Un grand mouvement de contestation a vu le jour le 5 Juin 2020 dénommé le M5 RFP (Mouvement du 5Juin rassemblement des forces patriotiques). Ce mouvement regroupe toutes les sensibilités politiques, civiles, religieuses qui ont un dénominateur commun : le départ d’IBK et son régime. Il a une autorité morale l’emblématique influent IMAMDICKO, un homme d’expériencedoté d’une grande sagesse qui a vécu tous les régimes, il a les bénédictions du grand chérif de Nioro qui a été le premier à demander le départ d’IBK. Après les sorties du 5 et 19 Juin, celle du 10 Juillet fut tragique avec des tueries, des blessés, des biens saccagés. Malgré une médiation de haut niveau de la CEDEAO, on avait atteint un point de non-retour. Un groupe de militaires intervient le mardi 18 Aout pour parachever le combat du peuple. Alors le Mali et les maliens aspirent à quel type de changement ?
QUE DOIT-ON CHANGER ? Les hommes, les habitudes, les idées ?

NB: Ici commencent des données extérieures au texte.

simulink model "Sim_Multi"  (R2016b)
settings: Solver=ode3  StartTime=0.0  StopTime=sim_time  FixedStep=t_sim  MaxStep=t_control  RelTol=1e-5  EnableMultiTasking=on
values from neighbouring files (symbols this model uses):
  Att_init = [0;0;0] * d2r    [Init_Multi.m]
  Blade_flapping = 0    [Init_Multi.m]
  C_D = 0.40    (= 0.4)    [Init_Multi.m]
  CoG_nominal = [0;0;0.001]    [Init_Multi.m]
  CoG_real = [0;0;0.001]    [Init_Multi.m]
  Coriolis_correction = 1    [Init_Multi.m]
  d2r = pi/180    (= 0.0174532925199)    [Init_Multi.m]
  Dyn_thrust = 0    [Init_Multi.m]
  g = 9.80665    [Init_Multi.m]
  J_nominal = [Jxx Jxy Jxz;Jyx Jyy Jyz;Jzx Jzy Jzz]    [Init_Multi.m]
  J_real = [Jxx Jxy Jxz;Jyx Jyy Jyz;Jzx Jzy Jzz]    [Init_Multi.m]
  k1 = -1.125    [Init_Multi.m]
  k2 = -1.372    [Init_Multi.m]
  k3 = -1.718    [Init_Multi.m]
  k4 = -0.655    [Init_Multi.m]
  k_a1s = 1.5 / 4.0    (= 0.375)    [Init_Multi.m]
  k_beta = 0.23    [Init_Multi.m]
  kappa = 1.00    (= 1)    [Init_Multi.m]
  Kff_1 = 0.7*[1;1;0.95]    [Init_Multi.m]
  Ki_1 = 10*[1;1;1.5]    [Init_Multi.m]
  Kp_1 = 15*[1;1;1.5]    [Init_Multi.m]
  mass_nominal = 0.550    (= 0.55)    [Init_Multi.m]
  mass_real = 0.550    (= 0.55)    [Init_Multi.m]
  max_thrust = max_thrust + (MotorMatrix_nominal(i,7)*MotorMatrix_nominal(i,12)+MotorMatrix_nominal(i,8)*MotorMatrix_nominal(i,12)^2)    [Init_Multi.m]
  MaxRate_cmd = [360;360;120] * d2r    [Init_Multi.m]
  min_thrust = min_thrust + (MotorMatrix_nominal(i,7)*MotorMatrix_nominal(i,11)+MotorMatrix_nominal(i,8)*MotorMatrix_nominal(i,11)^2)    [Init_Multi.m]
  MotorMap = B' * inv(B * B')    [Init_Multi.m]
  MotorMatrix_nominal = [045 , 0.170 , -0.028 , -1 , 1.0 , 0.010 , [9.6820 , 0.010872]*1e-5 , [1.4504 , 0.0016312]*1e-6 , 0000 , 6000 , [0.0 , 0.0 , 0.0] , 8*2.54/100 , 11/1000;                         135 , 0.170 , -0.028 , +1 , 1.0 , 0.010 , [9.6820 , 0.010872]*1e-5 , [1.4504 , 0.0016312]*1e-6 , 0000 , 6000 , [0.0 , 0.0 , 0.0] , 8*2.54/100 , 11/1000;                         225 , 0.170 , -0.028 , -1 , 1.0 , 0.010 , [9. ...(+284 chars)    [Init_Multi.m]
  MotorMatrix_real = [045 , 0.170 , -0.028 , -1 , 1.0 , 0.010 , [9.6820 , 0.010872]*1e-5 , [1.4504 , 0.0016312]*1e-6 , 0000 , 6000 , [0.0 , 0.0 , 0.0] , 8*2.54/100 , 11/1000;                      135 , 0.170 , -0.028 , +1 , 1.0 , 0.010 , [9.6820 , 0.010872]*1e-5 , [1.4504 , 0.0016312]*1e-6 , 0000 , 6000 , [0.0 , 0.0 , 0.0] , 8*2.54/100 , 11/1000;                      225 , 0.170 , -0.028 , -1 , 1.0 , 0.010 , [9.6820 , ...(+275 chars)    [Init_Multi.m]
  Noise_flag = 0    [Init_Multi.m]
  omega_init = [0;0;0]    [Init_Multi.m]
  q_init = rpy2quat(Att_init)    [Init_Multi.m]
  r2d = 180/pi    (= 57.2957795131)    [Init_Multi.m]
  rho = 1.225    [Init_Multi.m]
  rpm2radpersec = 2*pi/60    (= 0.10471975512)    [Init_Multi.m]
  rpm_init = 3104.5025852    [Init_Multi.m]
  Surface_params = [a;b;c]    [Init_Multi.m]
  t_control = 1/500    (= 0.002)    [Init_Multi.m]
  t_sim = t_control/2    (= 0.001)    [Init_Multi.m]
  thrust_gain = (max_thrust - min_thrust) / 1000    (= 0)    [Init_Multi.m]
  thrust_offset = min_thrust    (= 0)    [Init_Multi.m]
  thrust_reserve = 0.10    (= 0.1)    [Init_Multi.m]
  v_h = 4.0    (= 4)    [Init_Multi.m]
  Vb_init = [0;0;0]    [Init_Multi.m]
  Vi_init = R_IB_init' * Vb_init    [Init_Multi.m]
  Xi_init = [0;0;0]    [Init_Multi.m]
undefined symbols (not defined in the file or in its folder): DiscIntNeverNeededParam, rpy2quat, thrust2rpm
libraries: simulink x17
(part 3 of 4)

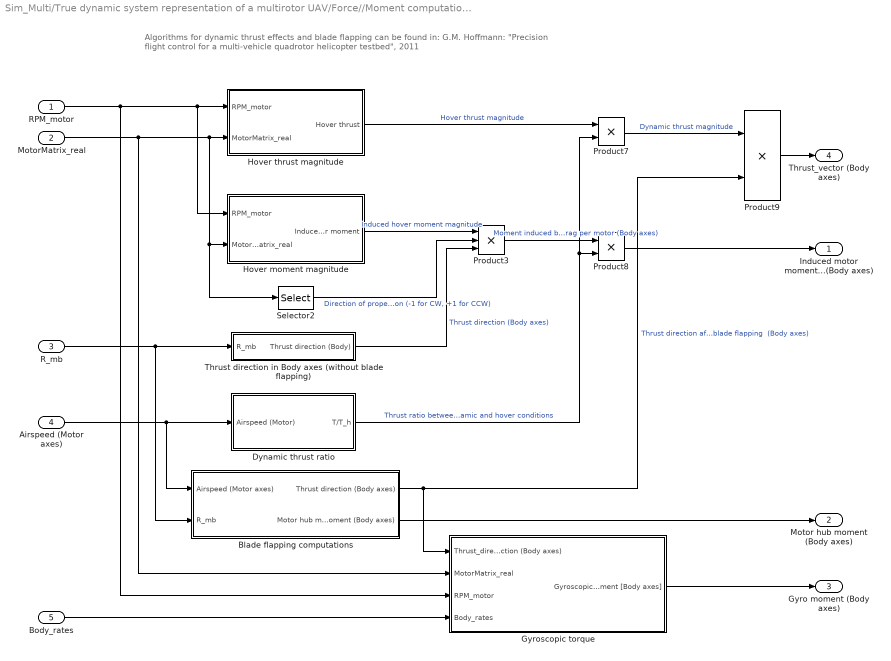
== system Sim_Multi/True dynamic system representation of a multirotor UAV/Force//Moment computation/Forces and moments generated by spinning propellers/For Each Subsystem/Thrust//moment vector for each propeller (Body axes)/Compute dynamic motor thrust and moments ==
  note: Algorithms for dynamic thrust effects and blade flapping can be found in:
      | G.M. Hoffmann: "Precision flight control for a multi-vehicle quadrotor helicopter testbed", 2011
  RPM_motor : Inport
  MotorMatrix_real : Inport  Port=2
  R_mb : Inport  Port=3
  Airspeed (Motor axes) : Inport  Port=4
  Body_rates : Inport  Port=5
  Blade flapping computations : Subsystem
  Dynamic thrust ratio : Subsystem
  Gyroscopic torque : Subsystem
  Hover moment magnitude : Subsystem
  Hover thrust magnitude : Subsystem
  Product3 : Product  Inputs=3
  Product7 : Product
  Product8 : Product
  Product9 : Product
  Selector2 : Selector  InputPortWidth=17  IndexOptions=Index vector (dialog)  Indices=[4]  OutputSizes=1
  Thrust direction in Body axes (without blade flapping) : Subsystem
  Induced motor moment (Body axes) : Outport
  Motor hub moment (Body axes) : Outport  Port=2
  Gyro moment (Body axes) : Outport  Port=3
  Thrust_vector (Body axes) : Outport  Port=4
  wires:
  RPM_motor/1 -> Gyroscopic torque/3(RPM_motor), Hover moment magnitude/1(RPM_motor), Hover thrust magnitude/1(RPM_motor)
  MotorMatrix_real/1 -> Gyroscopic torque/2(MotorMatrix_real), Selector2/1, Hover moment magnitude/2(MotorMatrix_real), Hover thrust magnitude/2(MotorMatrix_real)
  Selector2/1 -> Product3/2  "Direction of propeller rotation (-1 for CW, +1 for CCW)"
  Thrust direction in Body axes (without blade flapping)/1(Thrust direction (Body)) -> Product3/3  "Thrust direction (Body axes)"
  R_mb/1 -> Blade flapping computations/2(R_mb), Thrust direction in Body axes (without blade flapping)/1(R_mb)
  Airspeed (Motor axes)/1 -> Blade flapping computations/1(Airspeed (Motor axes)), Dynamic thrust ratio/1(Airspeed (Motor))
  Product3/1 -> Product8/1  "Moment induced by aerodynamic drag per motor (Body axes)"
  Product8/1 -> Induced motor moment (Body axes)/1
  Product7/1 -> Product9/1  "Dynamic thrust magnitude"
  Product9/1 -> Thrust_vector (Body axes)/1
  Blade flapping computations/1(Thrust direction (Body axes)) -> Gyroscopic torque/1(Thrust_direction (Body axes)), Product9/2  "Thrust direction after blade flapping  (Body axes)"
  Blade flapping computations/2(Motor hub moment (Body axes)) -> Motor hub moment (Body axes)/1
  Body_rates/1 -> Gyroscopic torque/4(Body_rates)
  Gyroscopic torque/1(Gyroscopic moment [Body axes]) -> Gyro moment (Body axes)/1
  Hover thrust magnitude/1(Hover thrust) -> Product7/1  "Hover thrust magnitude"
  Hover moment magnitude/1(Induced hover moment) -> Product3/1  "Induced hover moment magnitude"
  Dynamic thrust ratio/1(T/T_h) -> Product7/2, Product8/2  "Thrust ratio between dynamic and hover conditions"

== system Sim_Multi/True dynamic system representation of a multirotor UAV/Force//Moment computation/Forces and moments generated by spinning propellers/For Each Subsystem/Thrust//moment vector for each propeller (Body axes)/Coordinate transformation Body to Motor axes ==
  note: The true airspeed at prop computed here is the linear velocity (now in Motor axes)
      | with which this particular motor moves through the air.
      | So the point of view is: the surrounding air standing still and the airframe moving through it.
  MotorMatrix_real : Inport
  Airspeed (Body axes) : Inport  Port=2
  Conversion deg to rad : Gain  Gain=d2r
  Product : Product  Multiplication=Matrix(*)
  Rotation Matrix Body to Motor : Subsystem
  Selector : Selector  InputPortWidth=17  IndexOptions=Index vector (dialog)  Indices=[13 14 15]  OutputSizes=1
  R_mb : Outport
  Airspeed (Motor axes) : Outport  Port=2
  wires:
  Product/1 -> Airspeed (Motor axes)/1  "True airspeed at prop (Motor axes)"
  Rotation Matrix Body to Motor/1(R_mb) -> R_mb/1, Product/1  "Rotation matrix Body to Motor axes"
  MotorMatrix_real/1 -> Selector/1
  Selector/1 -> Conversion deg to rad/1
  Airspeed (Body axes)/1 -> Product/2  "True airspeed at prop (Body axes)"
  Conversion deg to rad/1 -> Rotation Matrix Body to Motor/1(Motor angles)

== system Sim_Multi/True dynamic system representation of a multirotor UAV/Force//Moment computation/Forces and moments generated by spinning propellers/For Each Subsystem/Thrust//moment vector for each propeller (Body axes)/Cross Product ==
  u : Inport
  v : Inport  Port=2
  Subsystem : Subsystem
  Subsystem1 : Subsystem
  Sum : Sum  Inputs=+|-
  u x v : Outport
  wires:
  Sum/1 -> u x v/1
  u/1 -> Subsystem1/1(u), Subsystem/1(u)
  v/1 -> Subsystem1/2(v), Subsystem/2(v)
  Subsystem/1(Positive elements) -> Sum/1
  Subsystem1/1(Negative elements) -> Sum/2

== system Sim_Multi/Controller/Controller Structure/Inner-loop control only/PI Rate controller/Gain Kff/Create diagonal 3x3 matrix/Subsystem9 ==
  C_11 : Inport  PortDimensions=1
  C_12 : Inport  Port=2  PortDimensions=1
  C_13 : Inport  Port=3  PortDimensions=1
  C_21 : Inport  Port=4  PortDimensions=1
  C_22 : Inport  Port=5  PortDimensions=1
  C_23 : Inport  Port=6  PortDimensions=1
  C_31 : Inport  Port=7  PortDimensions=1
  C_32 : Inport  Port=8  PortDimensions=1
  C_33 : Inport  Port=9  PortDimensions=1
  Reshape (9) to [3x3] column-major : Reshape  OutputDimensionality=Customize  OutputDimensions=[3,3]
  Vector Concatenate : Concatenate  NumInputs=9
  Diag : Outport
  wires:
  C_33/1 -> Vector Concatenate/9
  C_22/1 -> Vector Concatenate/5
  Reshape (9) to [3x3] column-major/1 -> Diag/1
  C_11/1 -> Vector Concatenate/1
  Vector Concatenate/1 -> Reshape (9) to [3x3] column-major/1
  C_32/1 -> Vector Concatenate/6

Le changement doit opérer une rupture qui ne soit pas brutale mais elle doit être totale avec l’immobilisme actuel au sommet de l’Etat. Il doit mettre l’accent sur le patriotisme, une adéquation entre le poste à occuper et le profil de l’occupant. La compétence, le mérite, l’excellence doivent être des critères du choix des hommes au détriment de la coloration politique. Ce changement tant attendu doit mettre fin à la république des amis, de la famille, le maitre mot doit être le changement du système. Il faut enfin poser le vrai diagnostic et de proposer des solutions à court, à moyen et à long terme pour le bonheur des maliens. Pour atteindre cet objectif il faut une union sacrée autour du Mali.